II - os arts. 227 ao 243 e 254 da Lei nº 6.843, de 28 de julho de 1986;

III - os arts. 181 a 195 da Lei nº 6.844, de 29 de julho de 1986; e

IV - os arts. 56 ao 90 da Lei Complementar nº 323, de 02 de março de 2006.

A análise dos marcos regulatórios permissivos da medida de exceção indica que nenhum foi expressamente revogado, e que é necessária sua contextualização histórica a fim de que obtenha interpretação mais aproximada da mens legis.
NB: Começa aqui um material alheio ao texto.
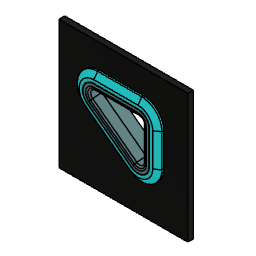
Треугольная гильза v3 (Autodesk Fusion 360 design; units mm, degrees)
Autodesk Fusion 360 part; units mm, degrees
sketch "Sketch1" plane through (0, 0, 0) normal (0, 1, 0) x (1, 0, 0)
  line L0 (-50, -20) -> (20, -20)
  line L1 (20, -20) -> (20, 50)
  line L2 (20, 50) -> (-50, 50)
  line L3 (-50, 50) -> (-50, -20)
  dimension "d1" = 70
  dimension "d2" = 70
  constraint horizontal L0
  constraint vertical L1
  constraint horizontal L2
  constraint vertical L3
  measures "d1" distance of L0.start L0.end
  measures "d2" distance of L0.start L2.end
extrude "Extrude1" add sketch "Sketch1" along normal blind 3 makes body 1
sketch "Sketch2" plane through (0, 0, 0) normal (0, -1, 0) x (1, 0, 0)
  line L0 (-50, 20) -> (-50, -50)
  line L1 (-50, -50) -> (20, -50)
  line L2 (20, -50) -> (20, 20)
  line L3 (20, 20) -> (-50, 20)
  line L4 (-40, 0) -> (0, 0)
  line L5 (0, 0) -> (0, -30)
  line L6 (0, -30) -> (-40, 0)
  circle A0 centre (-28, -4) radius 4
  circle A1 centre (-4, -4) radius 4
  circle A2 centre (-4, -22) radius 4
  dimension "d5" = 40
  dimension "d6" = 30
  dimension "d9" = 8
  constraint horizontal L4
  constraint perpendicular L4 L5
  constraint coincident L4.end L5.start
  constraint equal A0 A1
  constraint equal A1 A2
  constraint tangent L4 A0
  constraint tangent L6 A0
  constraint tangent L4 A1
  constraint tangent L5 A1
  constraint tangent L5 A2
  constraint tangent L6 A2
  measures "d5" distance of L4.start L4.end
  measures "d6" distance of L4.end L5.end
  measures "d9" diameter of A0
extrude "Extrude2" add sketch "Sketch2" against normal blind 8 separate body contours L4 L5 L6 A0 A1 A2 | A0 | A1 | A2 makes body 2
extrude "Extrude3" add 1 faces at (-13.6, 0, -10.8) along direction (0, -1, 0) blind 1.6 on bodies 2 bodies 2
sketch "Sketch3" plane through (0, -1.6, 0) normal (0, -1, 0) x (1, 0, 0)
  arc A0 (-28, 0) -> (-30.4, -7.2) centre (-28, -4) ccw
  line L0 (-30.4, -7.2) -> (-6.4, -25.2)
  arc A1 (-6.4, -25.2) -> (0, -22) centre (-4, -22) ccw
  line L1 (0, -22) -> (0, -4)
  arc A2 (0, -4) -> (-4, 0) centre (-4, -4) ccw
  line L2 (-4, 0) -> (-28, 0)
  line L3 (-4, 2) -> (-28, 2)
  arc A3 (-28, 2) -> (-31.6001, -8.8) centre (-28, -4) ccw
  line L4 (-31.6001, -8.8) -> (-7.6, -26.8)
  arc A4 (-7.6, -26.8) -> (2, -22) centre (-4, -22) ccw
  line L5 (2, -22) -> (2, -4)
  arc A5 (2, -4) -> (-4, 2) centre (-4, -4) ccw
  dimension "d12" = 2
extrude "Extrude4" add sketch "Sketch3" along normal blind 1.5 contours A0 L0 A1 L1 A2 L2 | L3 A3 L4 A4 L5 A5 bodies 2
sketch "Sketch4" plane through (0, -1.6, 0) normal (0, 1, 0) x (-1, 0, 0)
  arc A0 (4, 2) -> (-2, -4) centre (4, -4) ccw
  line L0 (-2, -4) -> (-2, -22)
  arc A1 (-2, -22) -> (7.6, -26.8) centre (4, -22) ccw
  line L1 (7.6, -26.8) -> (31.6001, -8.8)
  arc A2 (31.6001, -8.8) -> (28, 2) centre (28, -4) ccw
  line L2 (28, 2) -> (4, 2)
  line L3 (30.4, -7.2) -> (6.4, -25.2)
  arc A3 (0, -22) -> (6.4, -25.2) centre (4, -22) ccw
  line L4 (0, -22) -> (0, -4)
  arc A4 (4, 0) -> (0, -4) centre (4, -4) ccw
  line L5 (4, 0) -> (28, 0)
  arc A5 (30.4, -7.2) -> (28, 0) centre (28, -4) ccw
  line L6 (4, 0.2) -> (28, 0.2)
  arc A6 (30.52, -7.36) -> (28, 0.2) centre (28, -4) ccw
  line L7 (30.52, -7.36) -> (6.52, -25.36)
  arc A7 (-0.2, -22) -> (6.52, -25.36) centre (4, -22) ccw
  line L8 (-0.2, -22) -> (-0.2, -4)
  arc A8 (4, 0.2) -> (-0.2, -4) centre (4, -4) ccw
  arc A9 (4, 7) -> (-7, -4) centre (4, -4) ccw
  line L9 (-7, -4) -> (-7, -22)
  arc A10 (-7, -22) -> (10.6, -30.8) centre (4, -22) ccw
  line L10 (10.6, -30.8) -> (34.6001, -12.7999)
  arc A11 (34.6001, -12.7999) -> (28, 7) centre (28, -4) ccw
  line L11 (28, 7) -> (4, 7)
  dimension "d15" = 0.2
  dimension "d16" = 5
extrude "Extrude5" add sketch "Sketch4" along normal up to surface (1.5 mm away) separate body contours A0 L0 A1 L1 A2 L2 | A9 L9 A10 L10 A11 L11 makes body 3
sketch "Sketch5" plane through (0, -1.6, 0) normal (0, -1, 0) x (1, 0, 0)
  arc A0 (-28, 0.2) -> (-30.52, -7.36) centre (-28, -4) ccw
  line L0 (-28, 0.2) -> (-4, 0.2)
  arc A1 (0.2, -4) -> (-4, 0.2) centre (-4, -4) ccw
  line L1 (0.2, -4) -> (0.2, -22)
  arc A2 (-6.52, -25.36) -> (0.2, -22) centre (-4, -22) ccw
  line L2 (-6.52, -25.36) -> (-30.52, -7.36)
  line L3 (-4, 7) -> (-28, 7)
  arc A3 (-28, 7) -> (-34.6001, -12.7999) centre (-28, -4) ccw
  line L4 (-34.6001, -12.7999) -> (-10.6, -30.8)
  arc A4 (-10.6, -30.8) -> (7, -22) centre (-4, -22) ccw
  line L5 (7, -22) -> (7, -4)
  arc A5 (7, -4) -> (-4, 7) centre (-4, -4) ccw
  arc A6 (2, -4) -> (-4, 2) centre (-4, -4) ccw
  line L6 (-4, 2) -> (-28, 2)
  arc A7 (-28, 2) -> (-31.6001, -8.8) centre (-28, -4) ccw
  line L7 (-31.6001, -8.8) -> (-7.6, -26.8)
  arc A8 (-7.6, -26.8) -> (2, -22) centre (-4, -22) ccw
  line L8 (2, -22) -> (2, -4)
  line L9 (-4, 2.2) -> (-28, 2.2)
  arc A9 (-28, 2.2) -> (-31.7201, -8.96) centre (-28, -4) ccw
  line L10 (-31.7201, -8.96) -> (-7.72, -26.96)
  arc A10 (-7.72, -26.96) -> (2.2, -22) centre (-4, -22) ccw
  line L11 (2.2, -22) -> (2.2, -4)
  arc A11 (2.2, -4) -> (-4, 2.2) centre (-4, -4) ccw
  dimension "d19" = 0.2
extrude "Extrude6" add sketch "Sketch5" along normal up to surface (1.5 mm away) contours L3 A3 L4 A4 L5 A5 bodies 3
chamfer "Chamfer1" distance 2 distance2 3 6 edges at (0.9193, -3.1, -31.8387) (-22.6, -3.1, -21.8) (-38.4355, -3.1, -0.5215) (-16, -3.1, 7) (3.7782, -3.1, 3.7782) (7, -3.1, -13) measured on face at (-9.7034, -1.6, -31.4059) measured on face at (-26.6001, -2.1, -18.8) measured on face at (-35.4291, -1.6, -12.1122) measured on face at (-12, -2.1, 7) measured on face at (-2.9544, -1.6, 6.9502) measured on face at (7, -1.1, -16) on bodies 3
sketch "Sketch6" plane through (0, 8, 0) normal (0, 1, 0) x (-1, 0, 0)
  arc A0 (30.4, -7.2) -> (28, 0) centre (28, -4) ccw
  line L0 (28, 0) -> (4, 0)
  arc A1 (4, 0) -> (0, -4) centre (4, -4) ccw
  line L1 (0, -4) -> (0, -22)
  arc A2 (0, -22) -> (6.4, -25.2) centre (4, -22) ccw
  line L2 (6.4, -25.2) -> (30.4, -7.2)
  arc A3 (3, -22) -> (4.6, -22.8) centre (4, -22) ccw
  line L3 (4.6, -22.8) -> (28.6, -4.8)
  arc A4 (28.6, -4.8) -> (28, -3) centre (28, -4) ccw
  line L4 (28, -3) -> (4, -3)
  arc A5 (4, -3) -> (3, -4) centre (4, -4) ccw
  line L5 (3, -4) -> (3, -22)
  dimension "d24" = -3
extrude "Extrude7" cut sketch "Sketch6" against normal up to surface (11.1 mm away) contours A3 L3 A4 L4 A5 L5 bodies 2
chamfer "Chamfer2" distance 2 distance2 5 6 edges at (-16.6, -3.1, -13.8) (-28.9487, -3.1, -3.6838) (-16, -3.1, -3) (-3.2929, -3.1, -3.2929) (-3, -3.1, -13) (-3.5528, -3.1, -22.8944) measured on face at (-22.6, -3.1, -13.4666) measured on face at (-22.6, -3.1, -13.4666) measured on face at (-22.6, -3.1, -13.4666) measured on face at (-22.6, -3.1, -13.4666) measured on face at (-22.6, -3.1, -13.4666) measured on face at (-22.6, -3.1, -13.4666) on bodies 2
ref_plane "WorkPlane1" through (-15, 3.1, -15) normal (0, 1, 0) x (0, 0, 1)
sketch "Sketch7" plane through (0.8764, 3.1, -2.488) normal (0, 1, 0) x (1, 0, 0)
  line L0 (-4.8764, 0.512) -> (-28.8764, 0.512)
  arc A0 (-29.4764, 2.312) -> (-28.8764, 0.512) centre (-28.8764, 1.512) ccw
  line L1 (-29.4764, 2.312) -> (-5.4764, 20.312)
  arc A1 (-3.8764, 19.512) -> (-5.4764, 20.312) centre (-4.8764, 19.512) ccw
  line L2 (-3.8764, 19.512) -> (-3.8764, 1.512)
  arc A2 (-4.8764, 0.512) -> (-3.8764, 1.512) centre (-4.8764, 1.512) ccw
  arc A3 (-31.2764, 4.712) -> (-28.8764, -2.488) centre (-28.8764, 1.512) ccw
  line L3 (-28.8764, -2.488) -> (-4.8764, -2.488)
  arc A4 (-4.8764, -2.488) -> (-0.8764, 1.512) centre (-4.8764, 1.512) ccw
  line L4 (-0.8764, 1.512) -> (-0.8764, 19.512)
  arc A5 (-0.8764, 19.512) -> (-7.2764, 22.712) centre (-4.8764, 19.512) ccw
  line L5 (-7.2764, 22.712) -> (-31.2764, 4.712)
ref_plane "WorkPlane2" through (0, 0, -10) normal (0, 0, 1) x (1, 0, 0)
sketch "Sketch8" plane through (0, 0, -10) normal (0, 0, 1) x (1, 0, 0)
  line L0 (0, 4.3) -> (-1.2, 4.3)
  line L1 (-1.2, 4.3) -> (-1.2, 3.1)
  line L2 (-1.2, 3.1) -> (0, 3.1)
  line L3 (0, 3.1) -> (0, 4.3)
  point P0 (0, 3.1)
  dimension "d31" = 1.2
  dimension "d32" = 1.2
  constraint horizontal L0
  constraint vertical L1
  constraint horizontal L2
  constraint vertical L3
  constraint coincident P0 L2.end
  measures "d31" distance of L0.start L0.end
  measures "d32" distance of L0.start P0
sweep "Sweep1" cut profiles "Sketch8" path "Sketch7" along L5 A3 L3 A4 L4 A5 section 1 bodies 2
chamfer "Chamfer3" distance 1.5 distance2 1.2 6 edges at (-2.2112, 4.3, -25.5777) (-18.4, 4.3, -16.2) (-31.7947, 4.3, -2.7351) (-16, 4.3, 0) (-1.1716, 4.3, -1.1716) (0, 4.3, -13) measured on face at (-0.0048, 5.5333, -22.1967) measured on face at (-14.4, 6.7667, -19.2) measured on face at (-30.5538, 6.7667, -7.0786) measured on face at (-12, 5.5333, 0) measured on face at (-0.0045, 6.7667, -3.8097) measured on face at (0, 6.7667, -16) on bodies 2
sketch "Sketch9" plane through (0, 3.1, 0) normal (0, 1, 0) x (-1, 0, 0)
  line L0 (0, -4) -> (0, -22)
  arc A0 (0, -22) -> (6.4, -25.2) centre (4, -22) ccw
  line L1 (6.4, -25.2) -> (30.4, -7.2)
  arc A1 (30.4, -7.2) -> (28, 0) centre (28, -4) ccw
  line L2 (28, 0) -> (4, 0)
  arc A2 (4, 0) -> (0, -4) centre (4, -4) ccw
  arc A3 (1.2, -22) -> (5.68, -24.24) centre (4, -22) ccw
  line L3 (1.2, -22) -> (1.2, -4)
  arc A4 (4, -1.2) -> (1.2, -4) centre (4, -4) ccw
  line L4 (4, -1.2) -> (28, -1.2)
  arc A5 (29.68, -6.24) -> (28, -1.2) centre (28, -4) ccw
  line L5 (29.68, -6.24) -> (5.68, -24.24)
  line L6 (4, -3) -> (28, -3)
  arc A6 (28.6, -4.8) -> (28, -3) centre (28, -4) ccw
  line L7 (28.6, -4.8) -> (4.6, -22.8)
  arc A7 (3, -22) -> (4.6, -22.8) centre (4, -22) ccw
  line L8 (3, -22) -> (3, -4)
  arc A8 (4, -3) -> (3, -4) centre (4, -4) ccw
  arc A9 (30.4, -7.2) -> (28, 0) centre (28, -4) ccw construction
  line L9 (28, 0) -> (4, 0) construction
  arc A10 (4, 0) -> (0, -4) centre (4, -4) ccw construction
  line L10 (0, -4) -> (0, -22) construction
  arc A11 (0, -22) -> (6.4, -25.2) centre (4, -22) ccw construction
  line L11 (6.4, -25.2) -> (30.4, -7.2) construction
  arc A12 (4, 2) -> (-2, -4) centre (4, -4) ccw
  line L12 (-2, -4) -> (-2, -22)
  arc A13 (-2, -22) -> (7.6, -26.8) centre (4, -22) ccw
  line L13 (7.6, -26.8) -> (31.6001, -8.8)
  arc A14 (31.6001, -8.8) -> (28, 2) centre (28, -4) ccw
  line L14 (28, 2) -> (4, 2)
  dimension "d41" = 2
extrude "Extrude8" add sketch "Sketch9" along normal blind 2 separate body contours L0 A0 L1 A1 L2 A2 | A3 L3 A4 L4 A5 L5 | A12 L12 A13 L13 A14 L14 makes body 4
combine "Combine1" operation cut target body 4 tool bodies 2 keep tools
combine "Combine2" operation cut target body 1 tool bodies 2 keep tools makes body 5 at (-12.704, 0, -10.352)
sketch "Sketch10" plane through (0, 3.1, 0) normal (0, -1, 0) x (1, 0, 0)
  arc A0 (-1.2, -4) -> (-4, -1.2) centre (-4, -4) ccw
  line L0 (-1.2, -4) -> (-1.2, -22)
  arc A1 (-5.68, -24.24) -> (-1.2, -22) centre (-4, -22) ccw
  line L1 (-5.68, -24.24) -> (-29.68, -6.24)
  arc A2 (-28, -1.2) -> (-29.68, -6.24) centre (-28, -4) ccw
  line L2 (-28, -1.2) -> (-4, -1.2)
  line L3 (-4, 2) -> (-28, 2)
  arc A3 (-28, 2) -> (-31.6001, -8.8) centre (-28, -4) ccw
  line L4 (-31.6001, -8.8) -> (-7.6, -26.8)
  arc A4 (-7.6, -26.8) -> (2, -22) centre (-4, -22) ccw
  line L5 (2, -22) -> (2, -4)
  arc A5 (2, -4) -> (-4, 2) centre (-4, -4) ccw
  arc A6 (-5.74, -24.32) -> (-1.1, -22) centre (-4, -22) ccw
  line L6 (-1.1, -4) -> (-1.1, -22)
  arc A7 (-1.1, -4) -> (-4, -1.1) centre (-4, -4) ccw
  line L7 (-28, -1.1) -> (-4, -1.1)
  arc A8 (-28, -1.1) -> (-29.74, -6.32) centre (-28, -4) ccw
  line L8 (-5.74, -24.32) -> (-29.74, -6.32)
  line L9 (2, -13.15) -> (0.9777, -13.15)
  line L10 (0.9777, -13.15) -> (-0.1668, -12.4046)
  line L11 (-0.1668, -12.4046) -> (-1.1, -12.4046)
  line L12 (2, -12.85) -> (1.0668, -12.85)
  line L13 (1.0668, -12.85) -> (-0.0777, -12.1046)
  line L14 (-0.0777, -12.1046) -> (-1.1, -12.1046)
  line L15 (2, -13) -> (4, -13) construction
  dimension "d44" = -0.1
  dimension "d47" = 0.3
  dimension "d48" = 0.3
  dimension "d49" = 0.3
  constraint coincident L5 L9.start
  constraint perpendicular L5 L9
  constraint coincident L6 L11.end
  constraint perpendicular L6 L11
  constraint coincident L5 L12.start
  constraint perpendicular L5 L12
  constraint coincident L6 L14.end
  constraint perpendicular L6 L14
  constraint midpoint L5 L15.start
  constraint perpendicular L5 L15
  constraint parallel L10 L13
  constraint equal L9 L14
  measures "d47" distance of L9 L12
  measures "d48" distance of L11 L14
  measures "d49" distance of L10 L13
extrude "Extrude9" cut sketch "Sketch10" against normal up to surface (2 mm away) contours L5 L6 L9 L10 L11 L12 L13 L14 | A6 L6 A7 L7 A8 L8 bodies 4
chamfer "Chamfer4" distance 1 angle 45 6 edges at (-1, -3.1, -13) (-1.8787, -3.1, -1.8787) (-16, -3.1, -1) (-30.846, -3.1, -3.0513) (-17.8, -3.1, -15.4) (-2.6584, -3.1, -24.6833) on bodies 2
chamfer "Chamfer5" distance 0.5 angle 45 6 edges at (-16, -3.1, 0) (-31.7947, -3.1, -2.7351) (-18.4, -3.1, -16.2) (-2.2112, -3.1, -25.5777) (0, -3.1, -13) (-1.1716, -3.1, -1.1716) on bodies 2
hidden bodies 5
equation "d48 = d47"
equation "d49 = d47"

O art. 61 do Decreto 4.141/77 indica que a suspensão preventiva de servidores da Secretaria da Segurança e Informações (SSI) - posterior Secretaria da Segurança Pública e Defesa do Cidadão e atual Secretaria da Segurança Pública -, é proposta pelo Corregedor Geral da Polícia e, dentro do contexto histórico e redacional do referido dispositivo, observa-se que a referência é em relação ao Corregedor da Polícia Civil eis que, na data em que referida norma entrou em vigor, não constava na estrutura organizacional da então SSI uma unidade de corregedoria, a Policia Militar não estava vinculada a SSI, o Corpo de Bombeiro estava subordinado a PM e o atual IGP não existia, portanto, o Corregedor mencionado é o da Polícia Civil.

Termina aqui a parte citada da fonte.